Орей медленно поднялся с лежака, осматривая богатое убранство комнаты. Не то, что у Арслана. Здесь монах впервые увидел причудливые глиняные лампы, расписные блюда, ковры. Его неподдельный интерес не скрылся от матери рода Маас Фарек.
– Садись ко мне поближе, ещё налюбуешься. Если будешь меня навещать время от времени… – она позволила себе усмешку. – Мальчики все одинаковые. А Оттар ещё не хотел тебя со мной оставлять. Попрекал нашими законами, а что мне до них? Высшие скоро к себе позовут, – мать Рифуда открыто рассматривала Орея.
– А где сейчас Оттар? – монах вспомнил о почтительном обращении к главе семейства и поправил себя. – Оттар-лаа…

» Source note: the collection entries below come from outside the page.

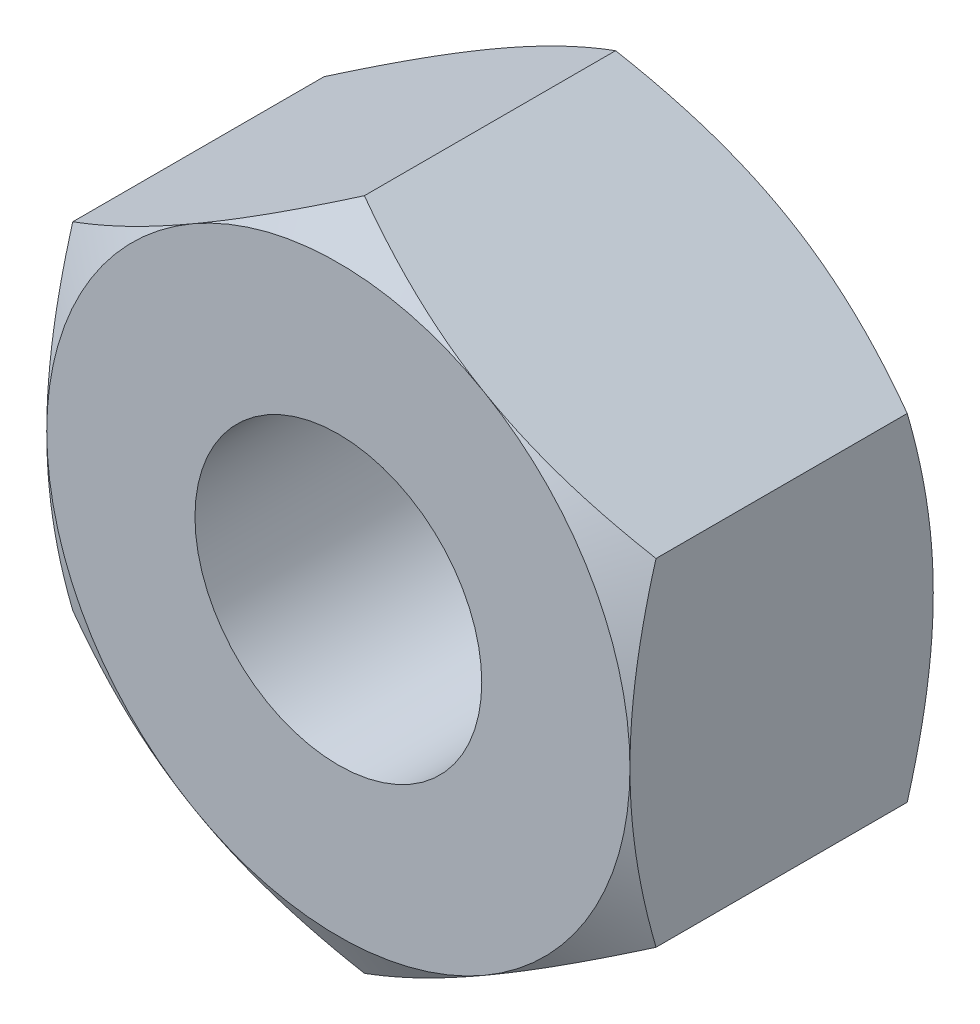
SolidWorks part; units mm, degrees
ref_plane "基准面1" through (0, 0, 0) normal (0, 0, 1) x (1, 0, 0)
ref_plane "基准面2" through (0, 0, 0) normal (0, 1, 0) x (1, 0, 0)
ref_plane "基准面3" through (0, 0, 0) normal (1, 0, 0) x (0, 0, -1)
sketch "尺寸草图" plane through (0, 0, 0) normal (0, 0, 1) x (1, 0, 0)
  line L0 (0, 0) -> (11, 0) construction
  line L1 (0, 0) -> (22, 0) construction
  line L2 (11, 0) -> (19.9, 0) construction
  line L3 (-5.7143, 0) -> (0, 0) construction
  point P3 (6, 0)
  point P4 (1, 0)
  point P5 (11, 0)
  point P6 (5.2, 0)
  point P8 (10, 0)
  dimension "D1" = 5.7143
  dimension "D" = 6
  dimension "P" = 1
  dimension "e(最小)" = 11
  dimension "m(最大)" = 5.2
  dimension "s(公称)" = 10
  dimension "dw(最小)" = 8.9
sketch "草图1" plane through (0, 0, 0) normal (0, 0, 1) x (1, 0, 0)
  line L0 (-5, 0) -> (5, 0) construction
  line L1 (0, 5.7735) -> (0, -5.7735) construction
  line L3 (0, 5.7735) -> (-5, 2.8868)
  line L4 (-5, 2.8868) -> (-5, -2.8868)
  line L5 (-5, -2.8868) -> (0, -5.7735)
  line L6 (0, -5.7735) -> (5, -2.8868)
  line L7 (5, -2.8868) -> (5, 2.8868)
  line L8 (5, 2.8868) -> (0, 5.7735)
  circle A0 centre (0, 0) radius 5 construction
  circle A1 centre (0, 0) radius 2.4587
  point P2 (0, 5.2265)
  dimension "D1" = 11
  dimension "D" = 4.9175
  dimension "D2" = 10
extrude "基体-拉伸" add sketch "草图1" along normal blind 5.2
cosmetic thread "装饰螺纹线1" parameters "D2"=6
sketch "草图2" plane through (0, 0, 0) normal (0, 0, -1) x (-1, 0, 0)
  circle A0 centre (0, 0) radius 5
  circle A1 centre (0, 0) radius 2.4587 construction
  dimension "s" = 10
extrude "切除-拉伸1" cut sketch "草图2" against normal through all draft 60 flip side to cut
sketch "草图3" plane through (0, 0, 5.2) normal (0, 0, 1) x (1, 0, 0)
  circle A0 centre (0, 0) radius 5
  dimension "D1" = 10
extrude "切除-拉伸2" cut sketch "草图3" against normal through all draft 60 flip side to cut

– Мужчины уже собрались на поминальный обед. Нам тоже вскоре принесут поесть. Мои невестки мастерицы готовить. А посмотри, как ткут, – она указала мундштуком трубки на гобелены и ковры. – Всё сделали своими руками. А вон тот, – кивнула на зеленый гобелен с деревом, – я сама ткала, когда была молода.
Орей скромно присел на колени у подушек, старуха пыхнула трубкой, прищурила глаз. Монах видел, что его пристально оценивающе разглядывают и начал нервничать.